[What the task requires] Set down, word for word, only the lines from the start of the records through the line bearing "## Documents named in this file (5)"; include no pictures.

======== Given information ========

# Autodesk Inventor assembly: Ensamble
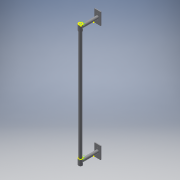
[picture p0: Inventor's stored thumbnail of the model, 180x180]
Saved by Autodesk Inventor 2018 (Build 220112000, 112)
## iProperties
Created: 2019-11-25
Part Number: Ensamble
Material: Genérico
Document SubType Name: Assembly
Designer: juanm
Author: juanm
## Documents named in this file (5)
- C:\Users\juanm\OneDrive\Documentos\Inventor\NombreProyecto\Ensamble.iam
- C:\Users\juanm\OneDrive\Documentos\Inventor\NombreProyecto\Soporte horizontal.ipt
- C:\Users\juanm\OneDrive\Documentos\Inventor\NombreProyecto\Soporte vertical.ipt
- C:\Users\juanm\OneDrive\Documentos\Inventor\NombreProyecto\Tornillo.ipt
- C:\Users\juanm\OneDrive\Documentos\Inventor\NombreProyecto\Pieza de unión.ipt
## Components (9 placed, 4 different names)
1. Soporte horizontal:1 — De rotación:1, De rotación:2
2. Soporte vertical:1 — De rotación:2, De rotación:5, De rotación:6, Rígido:2
3. Soporte vertical:2 — De rotación:1, De rotación:3, De rotación:4, Rígido:1
4. Tornillo:1 — De rotación:3
5. Tornillo:2 — De rotación:4
6. Tornillo:3 — De rotación:5
7. Tornillo:4 — De rotación:6
8. Pieza de unión:1 — Rígido:1
9. Pieza de unión:2 — Rígido:2
## Relationships (8: RevoluteJoint 6, WeldJoint 2)
- De rotación:1 [RevoluteJoint]: Soporte horizontal:1 ↔ Soporte vertical:2
- De rotación:2 [RevoluteJoint]: Soporte horizontal:1 ↔ Soporte vertical:1
- De rotación:3 [RevoluteJoint] (-25 mm): Soporte vertical:2 ↔ Tornillo:1
- De rotación:4 [RevoluteJoint] (-25 mm): Soporte vertical:2 ↔ Tornillo:2
- De rotación:5 [RevoluteJoint] (-25 mm): Soporte vertical:1 ↔ Tornillo:3
- De rotación:6 [RevoluteJoint] (-25 mm): Soporte vertical:1 ↔ Tornillo:4
- Rígido:1 [WeldJoint] (-135 mm): Soporte vertical:2 ↔ Pieza de unión:1
- Rígido:2 [WeldJoint] (-135 mm): Soporte vertical:1 ↔ Pieza de unión:2
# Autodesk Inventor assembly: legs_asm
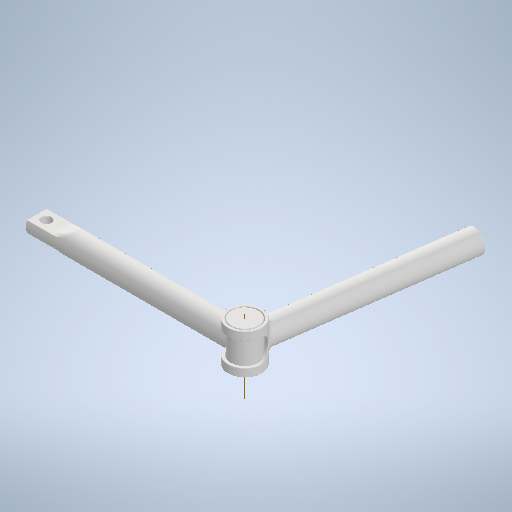
[picture p0: Inventor's stored thumbnail of the model, 512x512]
Saved by Autodesk Inventor 2025.1 (Build 291241000, 241)
## iProperties
Created: 2024-11-01
Part Number: legs_asm
Document SubType Name: Assembly
Designer: ZOMBULLI
Author: ZOMBULLI
## Documents named in this file (3)
- C:\Users\zombulli\OneDrive - Carl Zeiss AG\Desktop\DHBW\Semester 5\mte380\Stewart Platform_new\legs_asm.iam
- C:\Users\zombulli\OneDrive - Carl Zeiss AG\Desktop\DHBW\Semester 5\mte380\Stewart Platform_new\female_leg.ipt
- C:\Users\zombulli\OneDrive - Carl Zeiss AG\Desktop\DHBW\Semester 5\mte380\Stewart Platform_new\male_leg.ipt
## Components (2 placed, 2 different names)
1. female_leg:1 — Passend:1, Fluchtend:1, Winkel:1
2. male_leg:1 — Passend:1, Fluchtend:1, Winkel:1
## Relationships (3: Mate 1, Flush 1, Angle 1)
- Passend:1 [Mate]: female_leg:1 ↔ male_leg:1
- Fluchtend:1 [Flush]: female_leg:1 ↔ male_leg:1
- Winkel:1 [Angle] (82 deg): female_leg:1 ↔ male_leg:1

========

[Answer below]
# Autodesk Inventor assembly: Ensamble
[picture p0: Inventor's stored thumbnail of the model, 180x180]
Saved by Autodesk Inventor 2018 (Build 220112000, 112)
## iProperties
Created: 2019-11-25
Part Number: Ensamble
Material: Genérico
Document SubType Name: Assembly
Designer: juanm
Author: juanm
## Documents named in this file (5)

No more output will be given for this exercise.